Monday, October 3, 2022

The Church-Turing Thesis and generalized Molinism

The physical Church-Turing (PCT) thesis says that anything that can be physically computed can be computed by a Turing machine.

If generalized Molinism—the thesis that for any sufficiently precisely described counterfactual situation, there is a fact of the matter what would happen in that situation—is true, and indeterminism is true, then PCT seems very likely false. For imagine the function f from the natural numbers to {0, 1} such that f(n) is 1 if and only if the coin toss on day n would be heads, were I to live forever and daily toss a fair coin—with whatever other details need to be put in to get the "sufficiently precisely described". But only countably many functions are Turing computable, so with probability one, an infinite sequence of coin tosses would define a Turing non-computable function. But f is physically computable: I could just do the experiment.

But wait: I’m going to die, and even if there is an afterlife, it doesn’t seem right to characterize whatever happens in the afterlife as physical computation. So all I can compute is f(n) for n < 30000 or so.

Fair enough. But if we say this, then the PCT becomes trivial. For given finite life-spans of human beings and of any machinery in an expanding universe with increasing entropy, only finitely many values of any given function can be physically computed. And any function defined on a finite set can, of course, be trivially computed by a Turing machine via a lookup-table.

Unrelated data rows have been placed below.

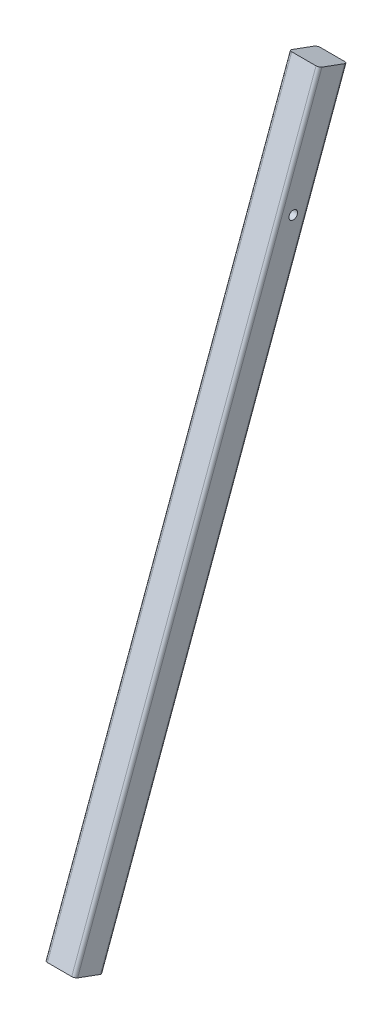
SolidWorks part; units mm, degrees
ref_plane "Front Plane" through (0, 0, 0) normal (0, 0, 1) x (1, 0, 0)
ref_plane "Top Plane" through (0, 0, 0) normal (0, 1, 0) x (1, 0, 0)
ref_plane "Right Plane" through (0, 0, 0) normal (1, 0, 0) x (0, 0, -1)
ref_plane "Plane1" through (0, 581.9411, 1587.9102) normal (0, 0.3441, 0.9389) x (-1, 0, 0)
sketch "Sketch1" plane through (0, 581.9411, 1587.9102) normal (0, 0.3441, 0.9389) x (-1, 0, 0)
  line L0 (28.6909, 626.6562) -> (-1.3091, 626.6562)
  line L1 (-1.3091, 626.6562) -> (-1.3091, -73.3438)
  line L2 (-1.3091, -73.3438) -> (28.6909, -73.3438)
  line L3 (28.6909, -73.3438) -> (28.6909, 626.6562)
  dimension "D1" = 700
  dimension "D2" = 30
extrude "Boss-Extrude1" add sketch "Sketch1" against normal blind 30
hole_wizard "Ø8.5 (8.5) Diameter Hole1" positions "Sketch3" profile "Sketch2" hole size "Ø8.5" standard "ANSI Metric" end condition through all
sketch "Sketch3" plane through (1.3091, 0, 0) normal (1, 0, 0) x (0, 0, -1)
  line L1 (-1534.5045, 640.4828) -> (-1562.6724, 650.8059) construction
  point P0 (-1588.1602, 537.6672)
  dimension "D1" = 115
sketch "Sketch2" plane through (1.3091, 537.6672, 1588.1602) normal (0, 1, 0) x (0, 0, -1)
  line L0 (0, 0) -> (0, 30)
  line L1 (0, 30) -> (4.25, 30)
  line L2 (4.25, 30) -> (4.25, 0)
  line L5 (4.25, 0) -> (0, 0)
  line L11 (0, -6.35) -> (0, 107.95) construction
  dimension "Thru Hole Dia." = 8.5
  dimension "Thru Hole Depth" = 30
fillet "Fillet1" radius 3 4 edges at (-28.6909, 322.1796, 1683.1082) (1.3091, 322.1796, 1683.1082) (-28.6909, 311.8566, 1654.9402) (1.3091, 311.8566, 1654.9402)

So, either we trivialize PCT by insisting on the facts of our physical universe that put a finite limit on our computations, or in our notion of “physically computed” we allow for idealizations that make it possible to go on forever. If we do allow for such idealizations, then my argument works: generalized Molinism makes PCT unlikely to be true.

4 comments:

William said...

Perhaps "sufficiently precisely described" includes the value of n. Then the function is no longer infinite, since we stop at the time for n.

Walter Van den Acker said...

Molinism isn't true if indeterminism is true.

William said...

Can there be determinism in some things and indeterminism in others?


Walter Van den Acker said...

William

Yes, that's possible, but it doesn't save molinism.